Hello! Today, let’s discuss one of my favorite algorithms: the topological sort. It’s also one of the most important algorithms to know if you want to complete an Advent of Code.
Imagine we’re getting as input such a directed graph where each edge represents a dependency link:
The edge from A to C means that A depends on C. For example, this graph could represent job dependencies:
A → C means that C must be completed before A.
A → B means that B must be completed before A.
Etc.
The topological sort takes a directed acyclic graph (DAG) and produces a flat vision:
Here, thanks to the topological sort, we can notice that D must be completed before C, which must be completed before B, and all of them before A. The algorithm gives us a valid order to execute tasks based on their dependencies. Now, let’s discuss how it works.
The first step is to calculate the in-degree of each vertex, meaning the number of incoming edges. If there’s an edge from A to B, we increment B by one since there’s one dependency to B. After iterating through all the edges, we get the following in-degree map:
A → 0
B → 1
C → 2
D → 1
A has an in-degree value of zero, meaning there’s no dependency on A.

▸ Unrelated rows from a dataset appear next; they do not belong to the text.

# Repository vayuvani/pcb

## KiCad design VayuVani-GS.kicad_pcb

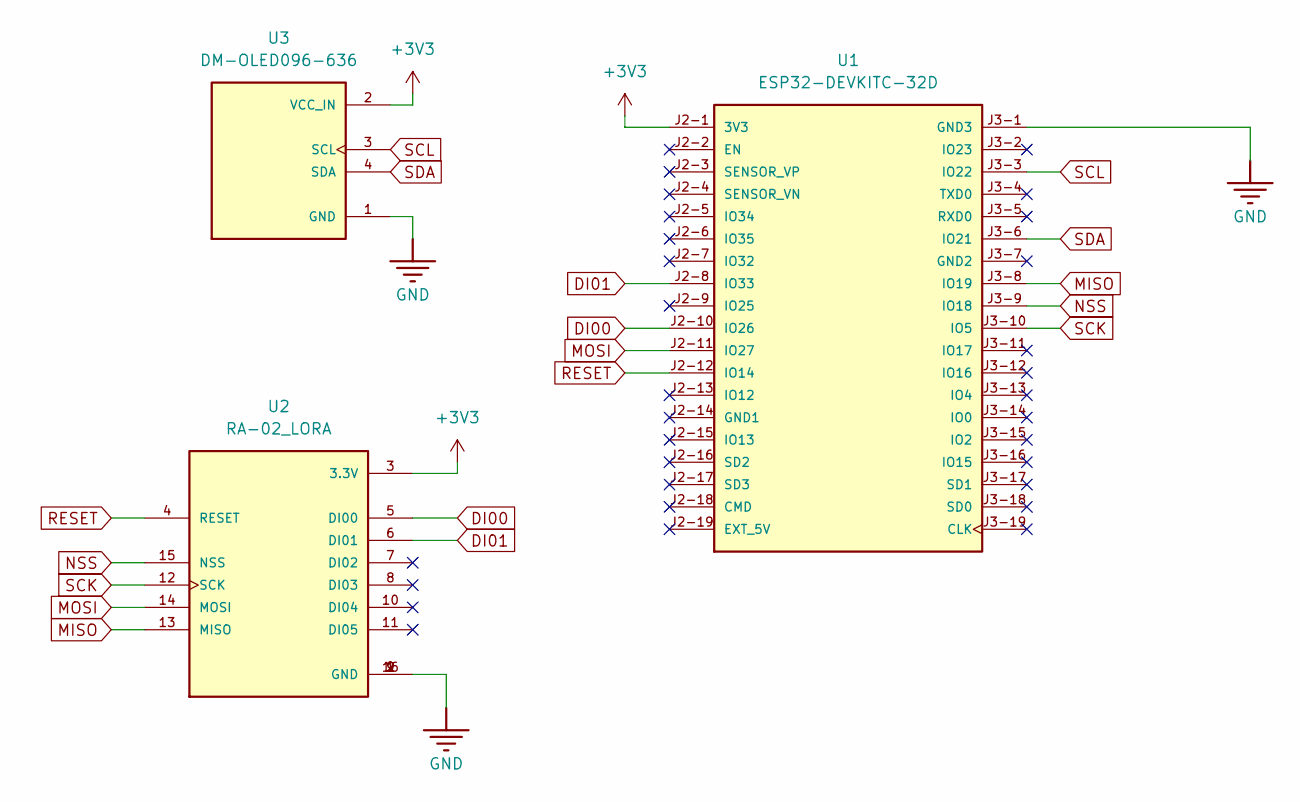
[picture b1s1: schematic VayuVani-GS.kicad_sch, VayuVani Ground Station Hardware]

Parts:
U1: ESP32-DEVKITC-32D; MODULE_ESP32-DEVKITC-32D; PARTREV V4
U2: RA-02_LORA; lora V2; PARTREV 2018/03/02
U3: DM-OLED096-636; MODULE_DM-OLED096-636; PARTREV 2018-09-10

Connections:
+3V3: U1.J2-1 (3V3), U2.3 (3.3V), U3.2 (VCC_IN)
DI00: U1.J2-10 (IO26), U2.5 (DI00)
DI01: U1.J2-8 (IO33), U2.6 (DI01)
GND: U1.J3-1 (GND3), U2.1 (GND), U2.2 (GND), U2.9 (GND), U2.16 (GND), U3.1 (GND)
MISO: U1.J3-8 (IO19), U2.13 (MISO)
MOSI: U1.J2-11 (IO27), U2.14 (MOSI)
NSS: U1.J3-9 (IO18), U2.15 (NSS)
RESET: U1.J2-12 (IO14), U2.4 (RESET)
SCK: U1.J3-10 (IO5), U2.12 (SCK)
SCL: U1.J3-3 (IO22), U3.3 (SCL)
SDA: U1.J3-6 (IO21), U3.4 (SDA)

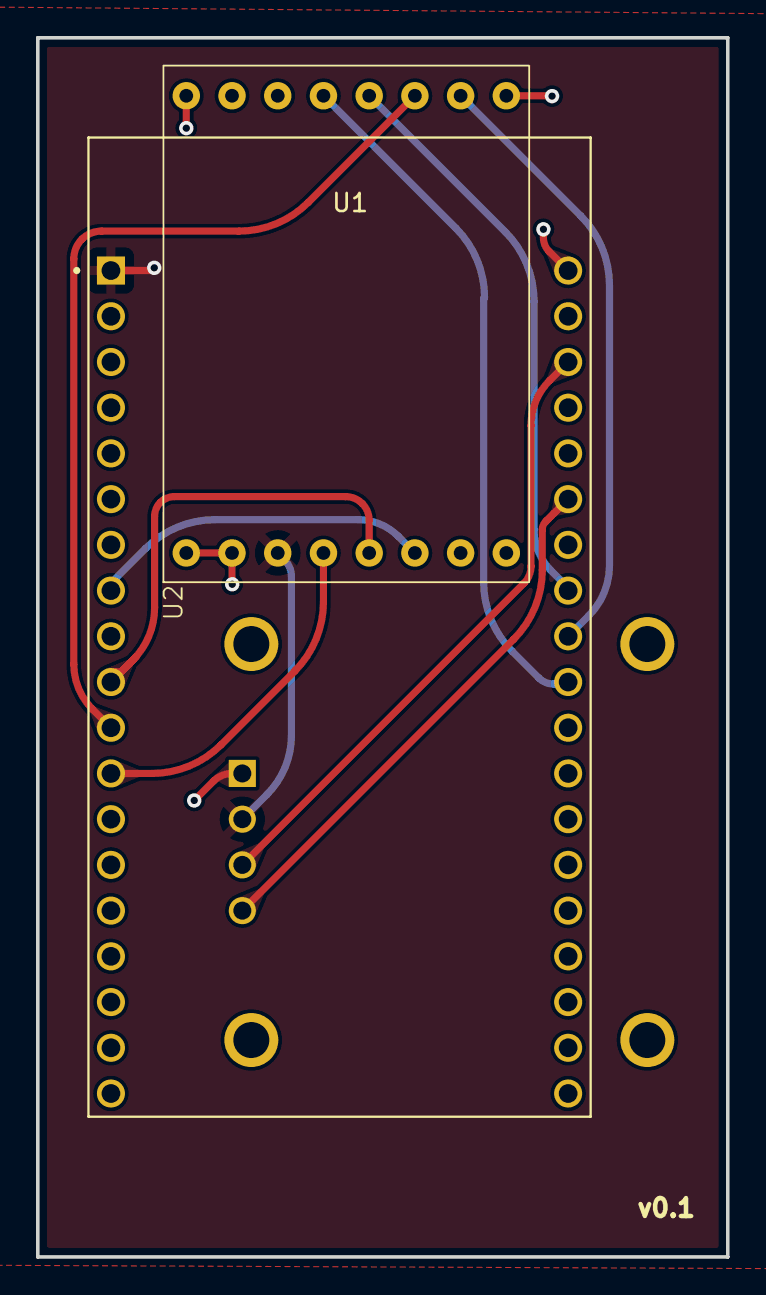
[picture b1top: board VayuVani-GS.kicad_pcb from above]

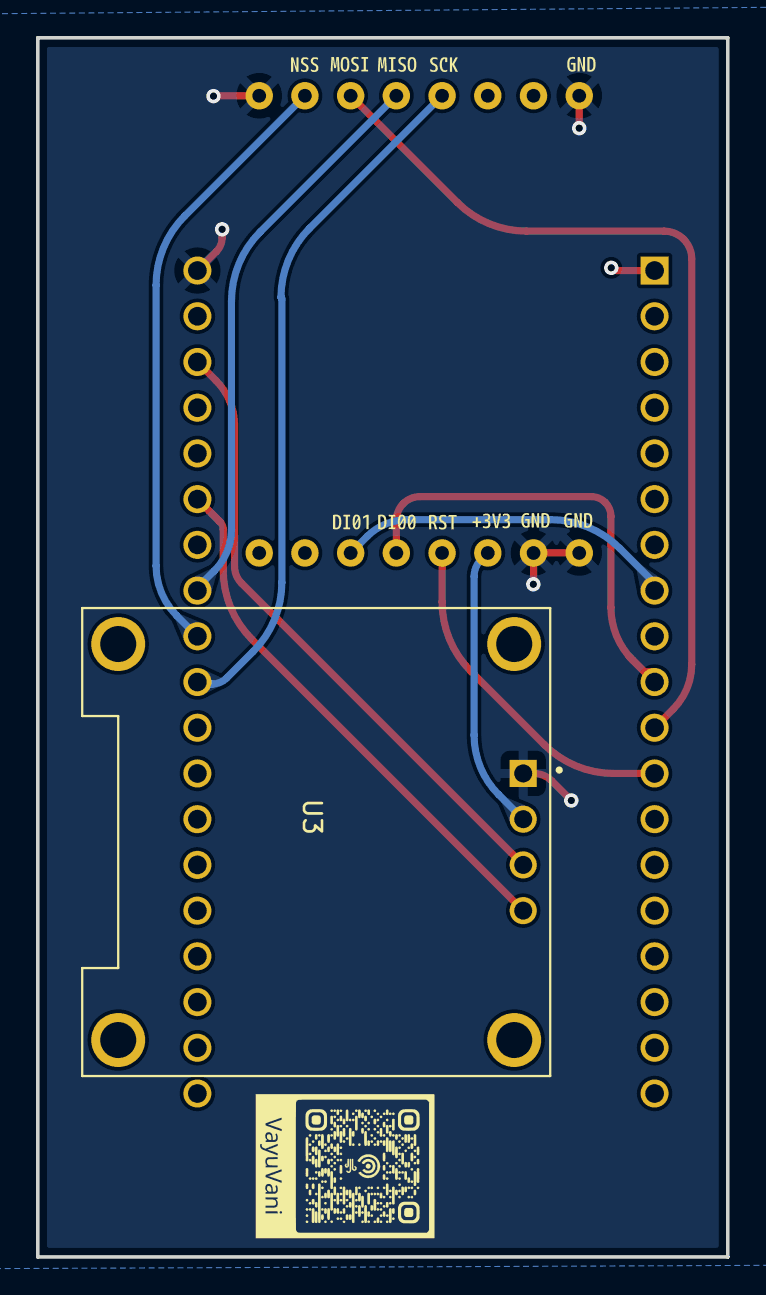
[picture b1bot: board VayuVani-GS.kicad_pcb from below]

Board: 2 copper layers, 38.3 x 67.7 mm, 14 parts (12 on the bottom side), 11 nets.

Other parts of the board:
kibuzzard-6717FCAE: G***; kibuzzard-6717FCAE
kibuzzard-67193F1F: G***; kibuzzard-67193F1F
kibuzzard-67193F4E: G***; kibuzzard-67193F4E
kibuzzard-67193F6C: G***; kibuzzard-67193F6C
kibuzzard-67193F40: G***; kibuzzard-67193F40
kibuzzard-67193FAE, kibuzzard-67193FAE#2: G***; kibuzzard-67193FAE
kibuzzard-67193FCE: G***; kibuzzard-67193FCE
kibuzzard-67193FDF: G***; kibuzzard-67193FDF
kibuzzard-67193FFA: G***; kibuzzard-67193FFA
kibuzzard-67194008: G***; kibuzzard-67194008

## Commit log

2024-11-25 Add: v0.1
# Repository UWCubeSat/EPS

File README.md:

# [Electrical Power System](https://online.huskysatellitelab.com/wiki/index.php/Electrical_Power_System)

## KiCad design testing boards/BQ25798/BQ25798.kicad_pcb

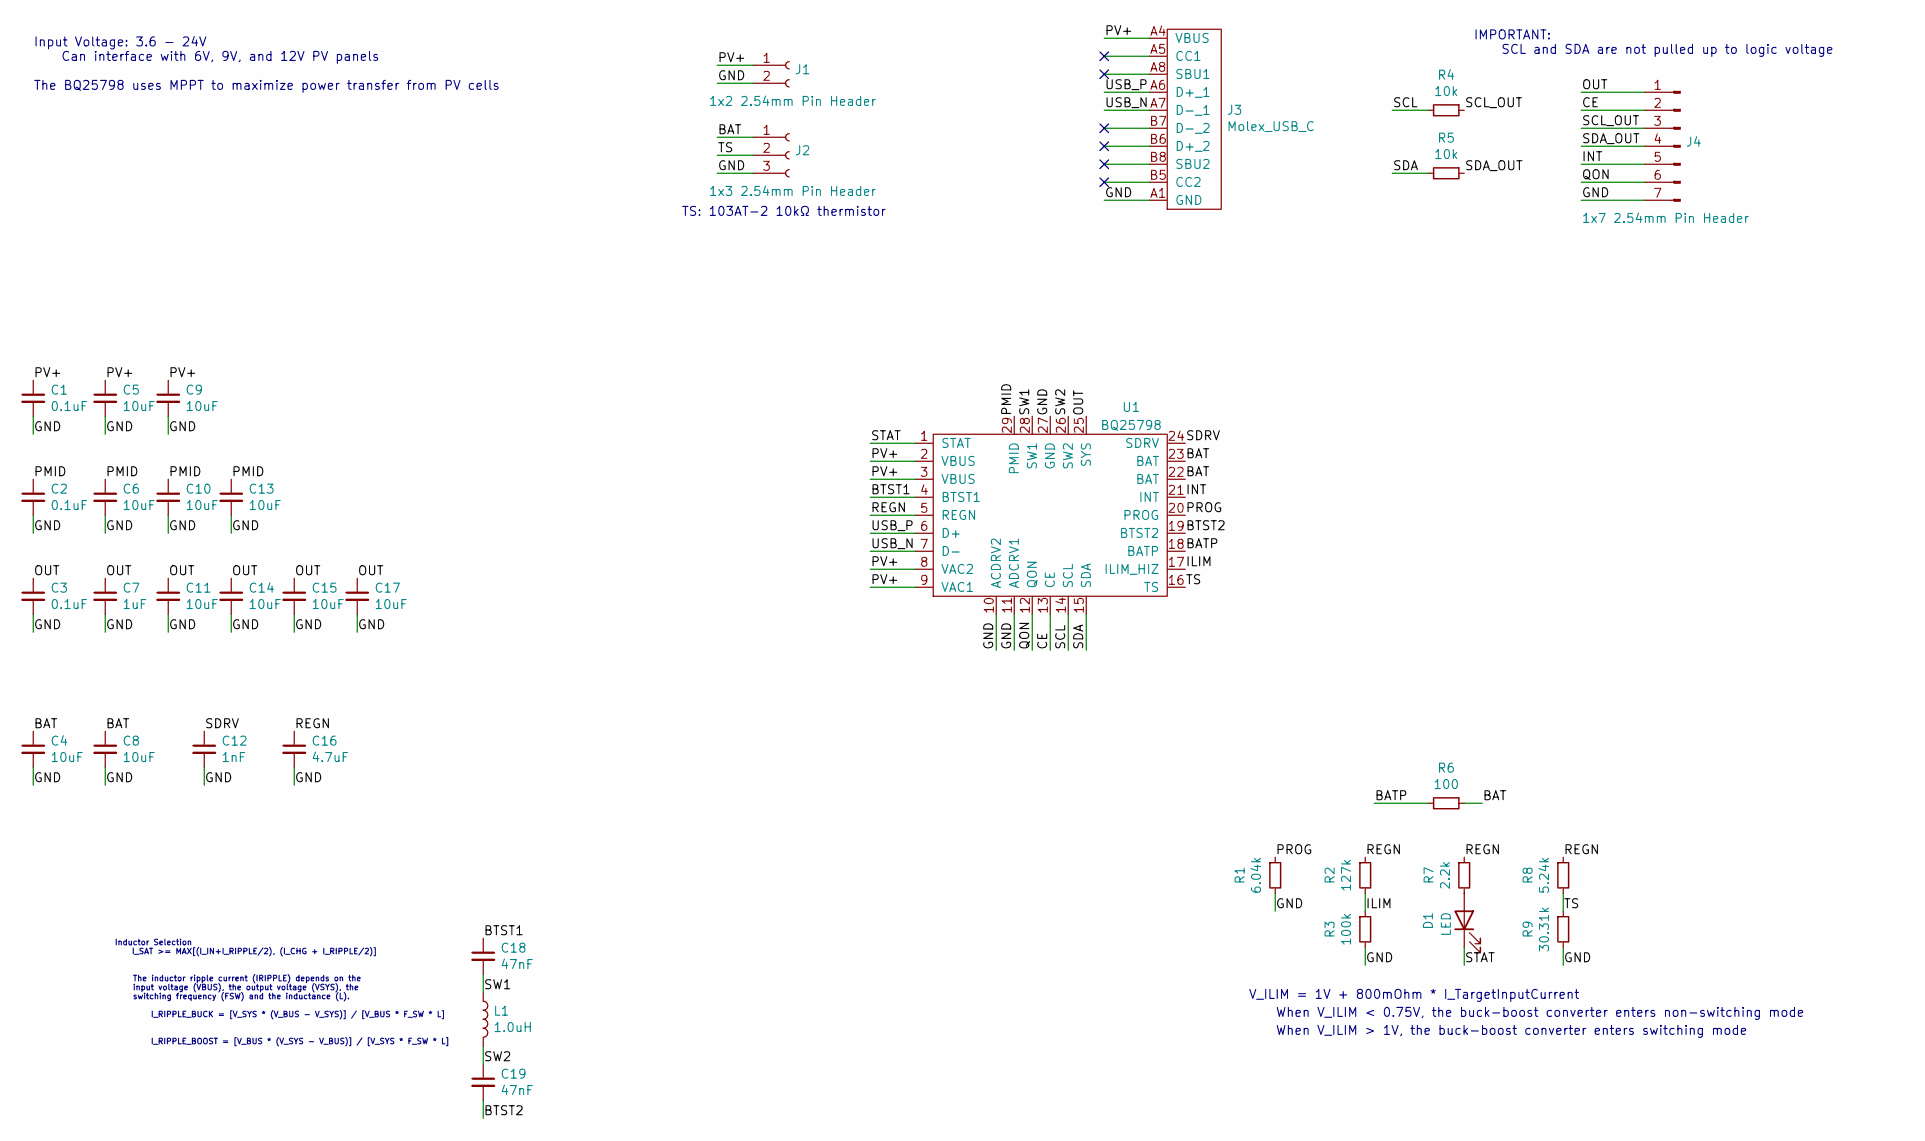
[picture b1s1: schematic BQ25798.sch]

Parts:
C1, C2, C3: 0.1uF; C_0603_1608Metric
C4, C5, C6, C8, C9, C10, C11, C13, C14, C15, C17: 10uF; C_0603_1608Metric
C7: 1uF; C_0603_1608Metric
C12: 1nF; C_0603_1608Metric
C16: 4.7uF; C_0603_1608Metric
C18, C19: 47nF; C_0603_1608Metric
D1: LED; LED_0402_1005Metric
J1: 1x2 2.54mm Pin Header; PinHeader_1x02_P2.54mm_Vertical
J2: 1x3 2.54mm Pin Header; PinHeader_1x03_P2.54mm_Vertical
J3: Molex_USB_C; USB-C
J4: 1x7 2.54mm Pin Header; PinHeader_1x07_P2.54mm_Vertical
L1: 1.0uH; L_0805_2012Metric
R1: 6.04k; R_0402_1005Metric
R2: 127k; R_0402_1005Metric
R3: 100k; R_0402_1005Metric
R4, R5: 10k; R_0402_1005Metric
R6: 100; R_0402_1005Metric
R7: 2.2k; R_0402_1005Metric
R8: 5.24k; R_0402_1005Metric
R9: 30.31k; R_0402_1005Metric
U1: BQ25798

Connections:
/BAT: C4.1, C8.1, J2.1, R6.1, U1.22 (BAT), U1.23 (BAT)
/BATP: R6.2, U1.18 (BATP)
/BTST1: C18.1, U1.4 (BTST1)
/BTST2: C19.2, U1.19 (BTST2)
/CE: J4.2, U1.13 (CE)
/GND: C1.2, C2.2, C3.2, C4.2, C5.2, C6.2, C7.2, C8.2, C9.2, C10.2, C11.2, C12.2, C13.2, C14.2, C15.2, C16.2, C17.2, J1.2, J2.3, J3.A1 (GND), J4.7, R1.2, R3.2, R9.2, U1.10 (ACDRV2), U1.11 (ADCRV1), U1.27 (GND)
/ILIM: R2.2, R3.1, U1.17 (ILIM_HIZ)
/INT: J4.5, U1.21 (INT)
/OUT: C3.1, C7.1, C11.1, C14.1, C15.1, C17.1, J4.1, U1.25 (SYS)
/PMID: C2.1, C6.1, C10.1, C13.1, U1.29 (PMID)
/PROG: R1.1, U1.20 (PROG)
/PV+: C1.1, C5.1, C9.1, J1.1, J3.A4 (VBUS), U1.2 (VBUS), U1.3 (VBUS), U1.8 (VAC2), U1.9 (VAC1)
/QON: J4.6, U1.12 (QON)
/REGN: C16.1, R2.1, R7.1, R8.1, U1.5 (REGN)
/SCL: R4.2, U1.14 (SCL)
/SCL_OUT: J4.3, R4.1
/SDA: R5.2, U1.15 (SDA)
/SDA_OUT: J4.4, R5.1
/SDRV: C12.1, U1.24 (SDRV)
/STAT: D1.1 (K), U1.1 (STAT)
/SW1: C18.2, L1.1, U1.28 (SW1)
/SW2: C19.1, L1.2, U1.26 (SW2)
/TS: J2.2, R8.2, R9.1, U1.16 (TS)
/USB_N: J3.A7 (D-_1), U1.7 (D-)
/USB_P: J3.A6 (D+_1), U1.6 (D+)
unnamed: D1.2 (A), R7.2

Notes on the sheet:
Input Voltage: 3.6 - 24V Can interface with 6V, 9V, and 12V PV panels The BQ25798 uses MPPT to maximize power transfer from PV cells
Inductor Selection I_SAT >= MAX[(I_IN+I_RIPPLE/2), (I_CHG + I_RIPPLE/2)]
I_RIPPLE_BUCK = [V_SYS * (V_BUS - V_SYS)] / [V_BUS * F_SW * L]
I_RIPPLE_BOOST = [V_BUS * (V_SYS - V_BUS)] / [V_SYS * F_SW * L]
The inductor ripple current (IRIPPLE) depends on the input voltage (VBUS), the output voltage (VSYS), the switching frequency (FSW) and the inductance (L).
V_ILIM = 1V + 800mOhm * I_TargetInputCurrent
When V_ILIM < 0.75V, the buck-boost converter enters non-switching mode
When V_ILIM > 1V, the buck-boost converter enters switching mode
IMPORTANT: SCL and SDA are not pulled up to logic voltage
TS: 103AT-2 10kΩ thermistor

At this stage, we have two data structures:
A graph1.
And a map to handle the in-degree counters.
Yet, the topological sort needs a third data structure: a queue to temporarily store the vertices with an in-degree of zero. In this example, we start by placing A in the queue because its in-degree is zero.
The latest step is a loop that continues until there’s a vertex in the queue:
Pop the first vertex from the queue (here: A) and add it to the solution. Since there’s no vertex that depends on A, A is the first vertex in the final solution.
Remove A from the graph. Since there’s an edge from A to B and one from A to C:
We decrement the in-degree counter for B: B → 0.
We decrement the in-degree counter for C: C → 1.
Move all the vertices that have an in-degree counter of zero (i.e., no more dependency on these vertices).
Repeat.
After the first iteration, we now have B in the queue:
We continue the loop, adding nodes with zero in-degrees to the queue and processing them. In the end, the result will look like this:
The topological sort is used in various places, especially when handling dependencies. For example:
Homebrew package manager: To resolve the package dependencies and determine the installation order.
GNU Make: To determine which target has to be built first when targets depend on each other.
Deadlock detection: As discussed, if there’s a cycle (meaning the graph is not a DAG), the topological sort fails. Therefore, we can use it to detect potential deadlocks in OS.
In terms of time and space complexity, the algorithm runs in O(v + e)
, where v
is the number of vertices (tasks) and e
is the number of edges (dependencies). This makes it efficient even for large graphs with many dependencies.
Represented in memory using whatever solution (see yesterday's discussion about graph representations).